Ponts thermiques pénalisés. « Les colles ont été améliorées et de nouveaux systèmes de fixation mécanique ont été développés », assure Dominique Delassus. Les procédés d’isolation par l’extérieur semblent même connaître un retour en grâce. Les industriels du monde de la peinture, du béton ou de l’isolation sont de plus en plus nombreux à s’engouffrer sur ce marché.

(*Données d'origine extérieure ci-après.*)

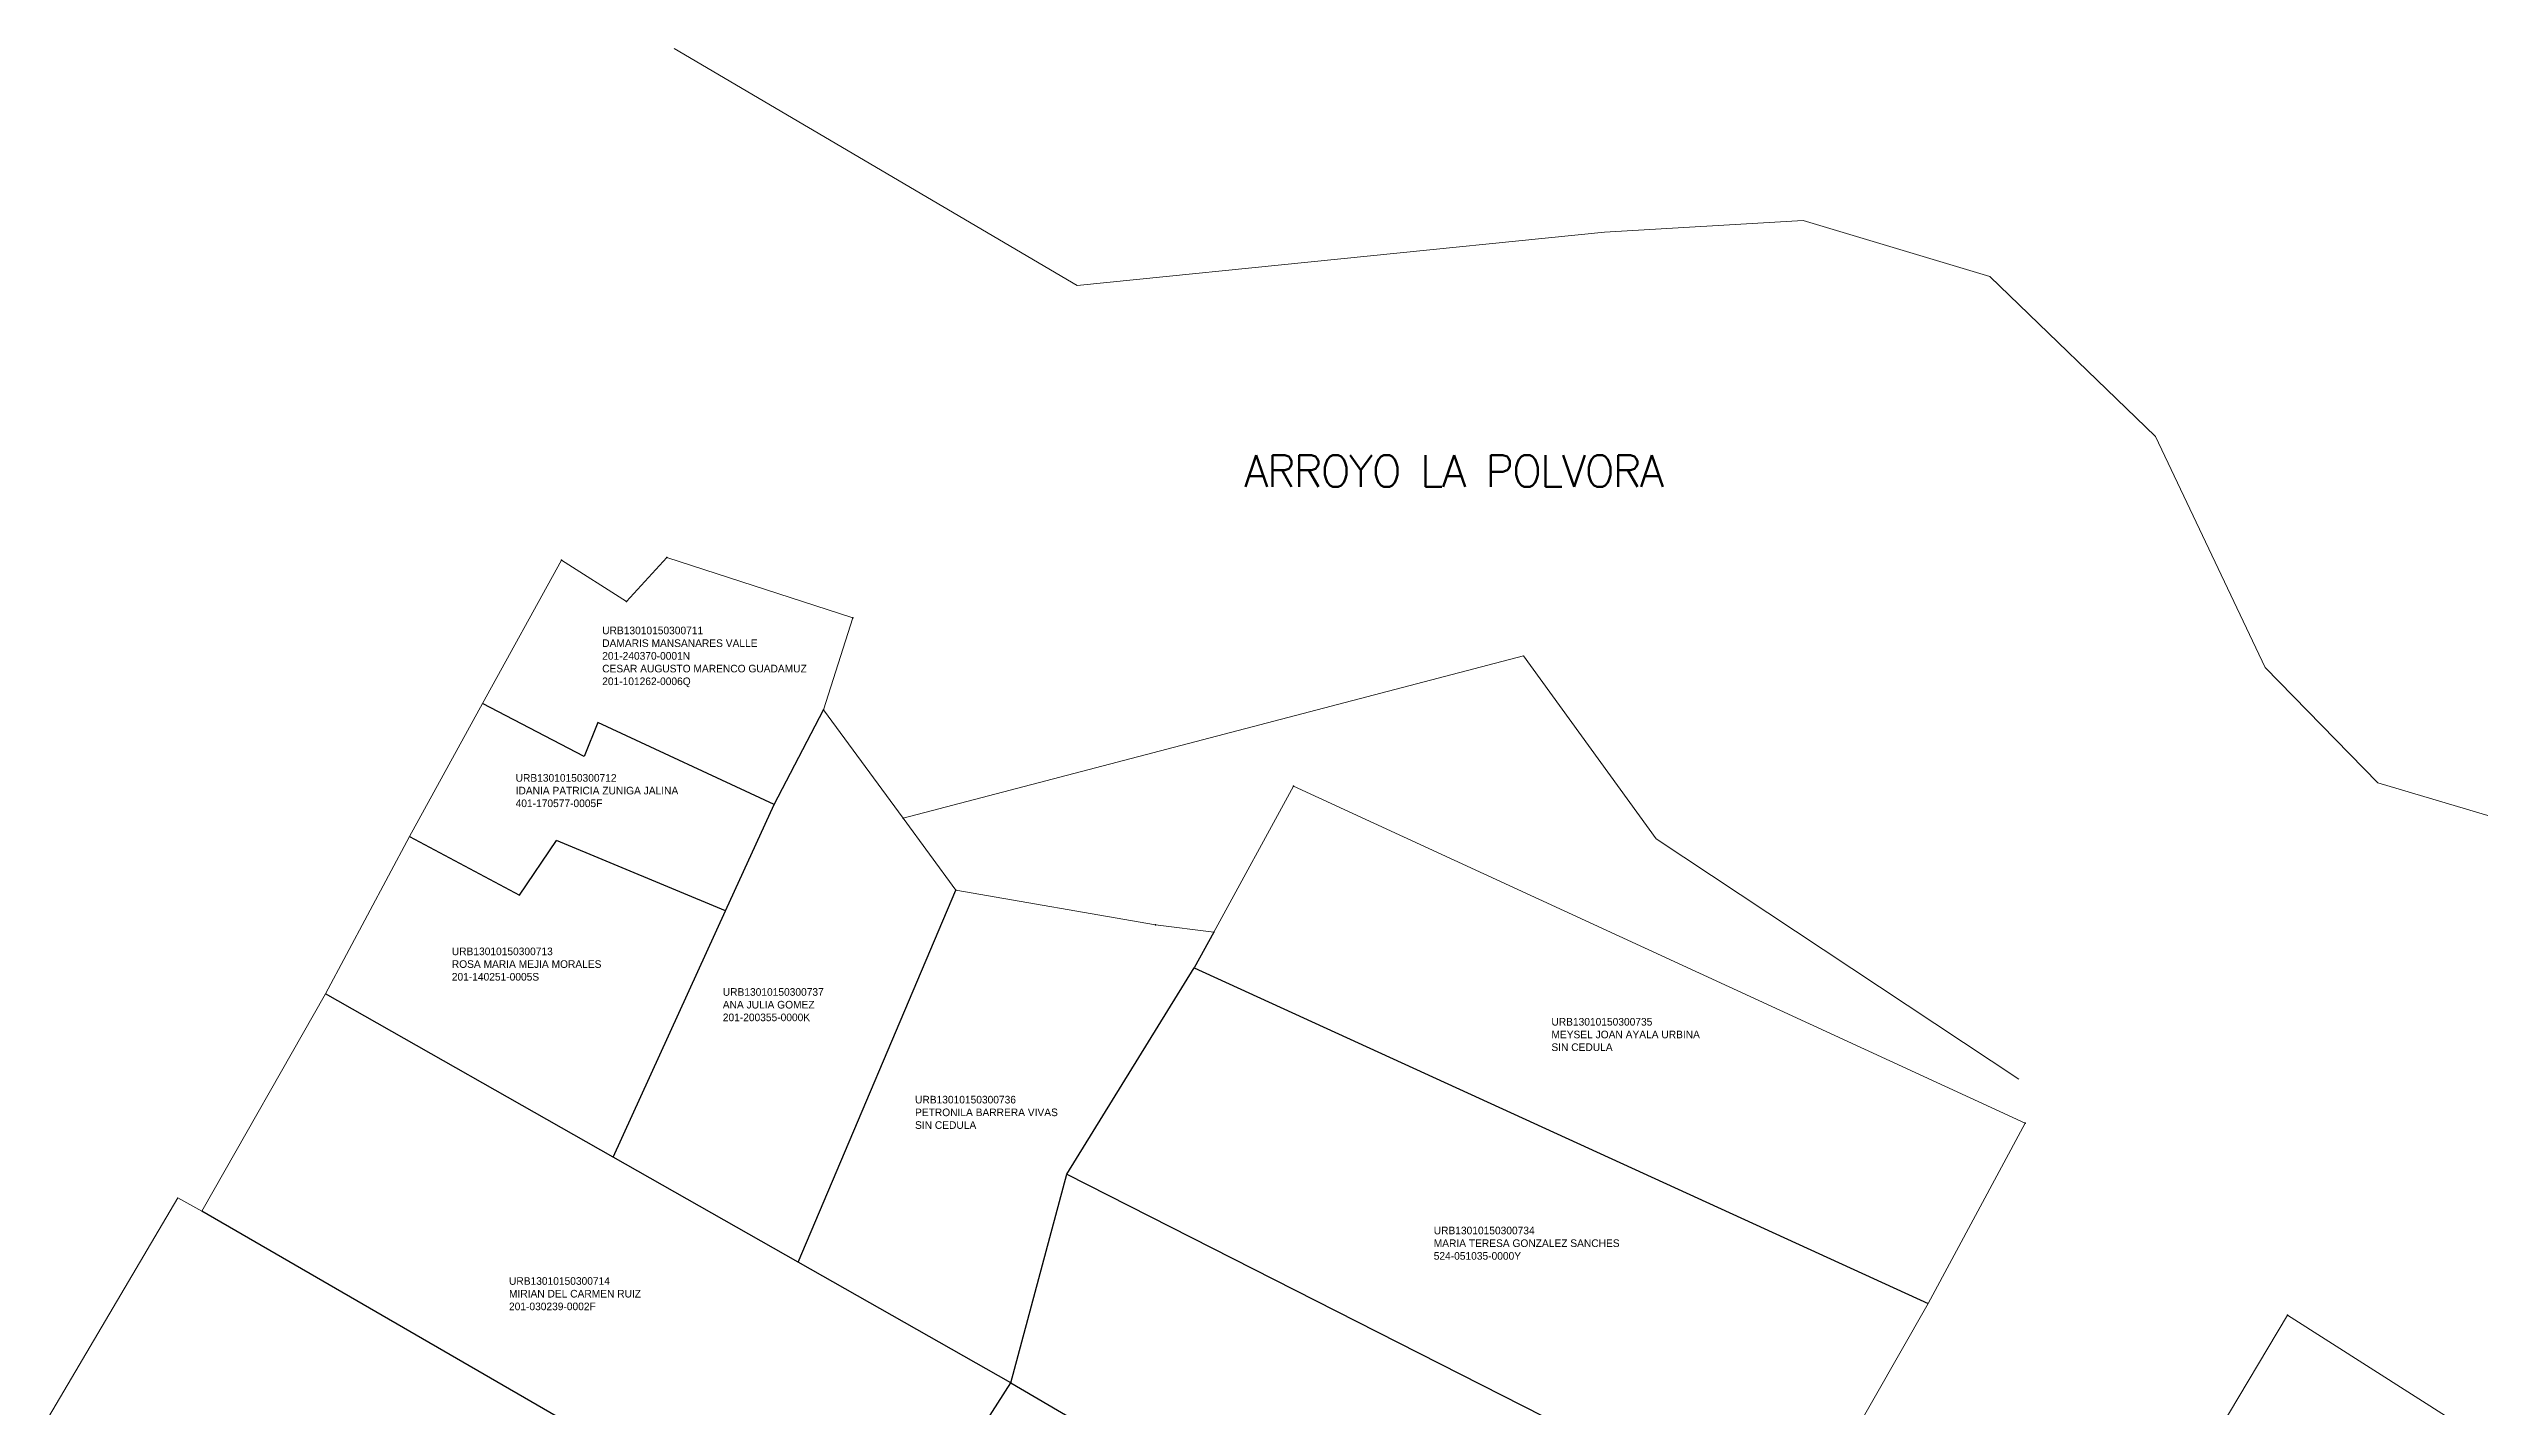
# Model space of a CAD drawing. Header units: millimetres. Extents: x 612409 to 612659, y 1318721 to 1318972.
# Drawn here: x 612502.8 to 612598.4, y 1318918.1 to 1318971.5 of the extents above; entities that cross this region are included whole.
import ezdxf

# ---------------------------------------------------------------- set-up
doc = ezdxf.new("R2010")
doc.units = ezdxf.units.MM
for name, color, linetype, lineweight in [('101', 3, 'Continuous', 0), ('1er_Propietario', 7, 'Continuous', 0), ('2do_Propietario', 7, 'Continuous', 0), ('486', 21, 'Continuous', 0), ('4861', 5, 'Continuous', 0), ('4862', 2, 'Continuous', 0), ('CALLES', 7, 'Continuous', 0), ('CVL_PUNTO', 7, 'Continuous', 0), ('GENERAL', 7, 'Continuous', 0)]:
    doc.layers.add(name, color=color, linetype=linetype, lineweight=lineweight)
doc.styles.add('Style-ENGINEERING', font='ENGINEERING.shx')
doc.styles.add('Style-Txt', font='txt_____.ttf')

msp = doc.modelspace()

# ---------------------------------------------------------------- linework, layer by layer
at = {"layer": '486', "color": 7, "linetype": 'Continuous', "lineweight": 30, "ltscale": 0.0001, "flags": 128}
for points in [[(612524.401, 1318944.982), (612523.854, 1318943.639), (612519.866, 1318945.723)], [(612531.333, 1318941.748), (612524.401, 1318944.982)], [(612531.333, 1318941.748), (612533.274, 1318945.472)], [(612529.42, 1318937.565), (612531.333, 1318941.748)], [(612516.989, 1318940.491), (612521.311, 1318938.182), (612522.773, 1318940.332)], [(612529.42, 1318937.565), (612522.773, 1318940.332)], [(612532.283, 1318923.738), (612538.483, 1318938.38)], [(612524.996, 1318927.877), (612529.42, 1318937.565)], [(612548.623, 1318936.732), (612547.856, 1318935.328)], [(612542.842, 1318927.199), (612547.856, 1318935.328)], [(612547.856, 1318935.328), (612576.724, 1318922.111)], [(612524.996, 1318927.877), (612513.68, 1318934.304)], [(612532.283, 1318923.738), (612524.996, 1318927.877)], [(612540.648, 1318918.987), (612542.842, 1318927.199)], [(612542.842, 1318927.199), (612571.37, 1318912.702)], [(612535.208, 1318910.478), (612508.816, 1318925.741)], [(612540.648, 1318918.987), (612532.283, 1318923.738)], [(612535.208, 1318910.478), (612540.648, 1318918.987)], [(612540.648, 1318918.987), (612566.143, 1318904.048)]]:
    msp.add_lwpolyline(points, dxfattribs=at)
at = {"layer": '4861', "color": 21, "linetype": 'Continuous', "lineweight": 13, "ltscale": 0.0001, "flags": 128}
for points in [[(612522.974, 1318951.375), (612519.866, 1318945.723)], [(612519.866, 1318945.723), (612516.989, 1318940.491)], [(612551.763, 1318942.48), (612548.623, 1318936.732)], [(612551.763, 1318942.48), (612580.55, 1318929.205)], [(612536.406, 1318941.209), (612538.483, 1318938.38)], [(612516.989, 1318940.491), (612513.68, 1318934.304)], [(612546.34, 1318937.014), (612538.483, 1318938.38)], [(612548.623, 1318936.732), (612546.34, 1318937.014)], [(612513.68, 1318934.304), (612508.816, 1318925.741)], [(612576.724, 1318922.111), (612580.55, 1318929.205)], [(612508.816, 1318925.741), (612507.882, 1318926.27), (612502.793, 1318917.639)], [(612571.37, 1318912.702), (612576.724, 1318922.111)], [(612590.866, 1318921.654), (612585.488, 1318912.624)]]:
    msp.add_lwpolyline(points, dxfattribs=at)
at = {"layer": '4862', "color": 5, "linetype": 'Continuous', "lineweight": 13, "ltscale": 0.0001, "flags": 128}
for points in [[(612522.974, 1318951.375), (612525.524, 1318949.739), (612527.108, 1318951.476), (612534.43, 1318949.093)], [(612533.274, 1318945.472), (612534.43, 1318949.093)], [(612533.274, 1318945.472), (612536.406, 1318941.209)], [(612590.866, 1318921.654), (612615.106, 1318906.196)]]:
    msp.add_lwpolyline(points, dxfattribs=at)
at = {"layer": 'CALLES', "color": 5, "linetype": 'Continuous', "lineweight": 13, "ltscale": 0.0001, "flags": 128}
for points in [[(612527.403, 1318971.503), (612543.253, 1318962.179), (612563.998, 1318964.277), (612571.807, 1318964.743), (612579.149, 1318962.529), (612585.676, 1318956.235), (612589.988, 1318947.145), (612594.416, 1318942.6), (612601.875, 1318940.385), (612611.782, 1318936.889), (612627.865, 1318935.257), (612641.151, 1318935.49)], [(612536.406, 1318941.209), (612560.81, 1318947.609)], [(612560.81, 1318947.609), (612566.033, 1318940.403)], [(612566.033, 1318940.403), (612580.298, 1318930.937)]]:
    msp.add_lwpolyline(points, dxfattribs=at)
at = {"layer": 'CVL_PUNTO', "color": 2, "lineweight": 30, "ltscale": 3.28084e-05}
for p in [(612522.974, 1318951.375), (612527.108, 1318951.476), (612525.524, 1318949.739), (612534.43, 1318949.093), (612533.274, 1318945.472), (612551.763, 1318942.48), (612536.406, 1318941.209), (612538.483, 1318938.38), (612546.34, 1318937.014), (612548.623, 1318936.732), (612580.55, 1318929.205), (612590.866, 1318921.654)]:
    msp.add_point(p, dxfattribs=at)

# ---------------------------------------------------------------- texts
at = {"layer": '101', "color": 3, "linetype": 'Continuous', "lineweight": 30, "style": 'Style-ENGINEERING'}
for s, p in [('URB13010150300711', (612524.57, 1318948.452)), ('URB13010150300712', (612521.164, 1318942.65)), ('URB13010150300713', (612518.654, 1318935.822)), ('URB13010150300737', (612529.313, 1318934.224)), ('URB13010150300735', (612561.908, 1318933.051)), ('URB13010150300736', (612536.875, 1318929.987)), ('URB13010150300734', (612557.279, 1318924.837)), ('URB13010150300714', (612520.903, 1318922.849))]:
    msp.add_text(s, height=0.3, dxfattribs=at).set_placement(p)
at = {"layer": '1er_Propietario', "color": 6, "linetype": 'Continuous', "lineweight": 30, "style": 'Style-ENGINEERING'}
for s, p in [('201-240370-0001N', (612524.57, 1318947.452)), ('DAMARIS MANSANARES VALLE', (612524.57, 1318947.952)), ('IDANIA PATRICIA ZUNIGA JALINA', (612521.164, 1318942.15)), ('401-170577-0005F', (612521.164, 1318941.65)), ('ROSA MARIA MEJIA MORALES', (612518.654, 1318935.322)), ('201-140251-0005S', (612518.654, 1318934.822)), ('ANA JULIA GOMEZ', (612529.313, 1318933.724)), ('201-200355-0000K', (612529.313, 1318933.224)), ('MEYSEL JOAN AYALA URBINA', (612561.908, 1318932.551)), ('SIN CEDULA', (612561.908, 1318932.051)), ('PETRONILA BARRERA VIVAS', (612536.875, 1318929.487)), ('SIN CEDULA', (612536.875, 1318928.987)), ('524-051035-0000Y', (612557.279, 1318923.837)), ('MARIA TERESA GONZALEZ SANCHES', (612557.279, 1318924.337)), ('201-030239-0002F', (612520.903, 1318921.849)), ('MIRIAN DEL CARMEN RUIZ', (612520.903, 1318922.349))]:
    msp.add_text(s, height=0.3, dxfattribs=at).set_placement(p)
at = {"layer": '2do_Propietario', "color": 131, "linetype": 'Continuous', "lineweight": 30, "style": 'Style-ENGINEERING'}
for s, p in [('CESAR AUGUSTO MARENCO GUADAMUZ', (612524.57, 1318946.952)), ('201-101262-0006Q', (612524.57, 1318946.452))]:
    msp.add_text(s, height=0.3, dxfattribs=at).set_placement(p)
at = {"layer": 'GENERAL', "color": 6, "lineweight": 40, "insert": (612558.05, 1318954.878), "char_height": 1.25, "width": 318.75, "attachment_point": 5, "line_spacing_factor": 0.722892, "style": 'Style-Txt'}
msp.add_mtext('\\T0.937;ARROYO LA POLVORA', dxfattribs=at)

doc.saveas('drawing.dxf')

L’inflexion a sans doute été provoquée par les évolutions de la réglementation thermique (RT). La pénalisation des ponts thermiques y est de plus en plus marquée. Dans le neuf, l’objectif de traitement des ponts thermiques a été renforcé de 20 % entre la RT 2000 et la RT 2005. « Aujourd’hui, il est encore possible de se passer de corriger les ponts thermiques sur les ouvrages inférieurs à R 1, estime Dominique Delassus. Demain, ce ne sera plus possible. »

Choix du mode constructif.Du côté des concepteurs, la même tendance se dégage. « Il semble très probable que la RT 2010 soit la réglementation thermique du « construire autrement », affirme André Pouget, directeur du bureau d’études thermiques Pouget Consultants. « Traiter les ponts thermiques est une solution qui permet à elle seule le gain d’une étape réglementaire. Cela représente 10 à 15 % de performance », poursuit-il. Certains modes de construction seront-ils condamnés ? « Non, répond André Pouget. Mais il faudra nécessairement mettre en place des rupteurs thermiques dans le cas de l’isolation intérieure sinon recourir aux solutions d’isolation par l’extérieur, répartie ou sur ossatures », ajoute-t-il. Evidemment le choix d’un mode constructif dépendra du type d’ouvrage : résidentiel ou tertiaire, individuel ou collectif, etc. Certains avancent que le marché de l’isolation thermique extérieure ne devrait pas spécialement se développer en maison individuelle neuve. « Dans ce type de construction, les ponts thermiques horizontaux sont assez limités et les verticaux peuvent par exemple être traités en intercalant un isolant entre le mur de refend et le mur de façade », observe Daniel Bernstein. Dans cette configuration, les ponts thermiques sont faibles et ne justifient pas une isolation thermique par l’extérieur beaucoup plus coûteuse », précise-t-il. Le choix du mur manteau ne se réduit pas à l’intérêt de traiter les ponts thermiques. Il modifie aussi les caractéristiques hygrothermiques des bâtiments. L’inertie des constructions ainsi renforcée permet d’accroître le confort d’été. L’absence de pont thermique évite les condensations et moisissures qui souvent les accompagnent...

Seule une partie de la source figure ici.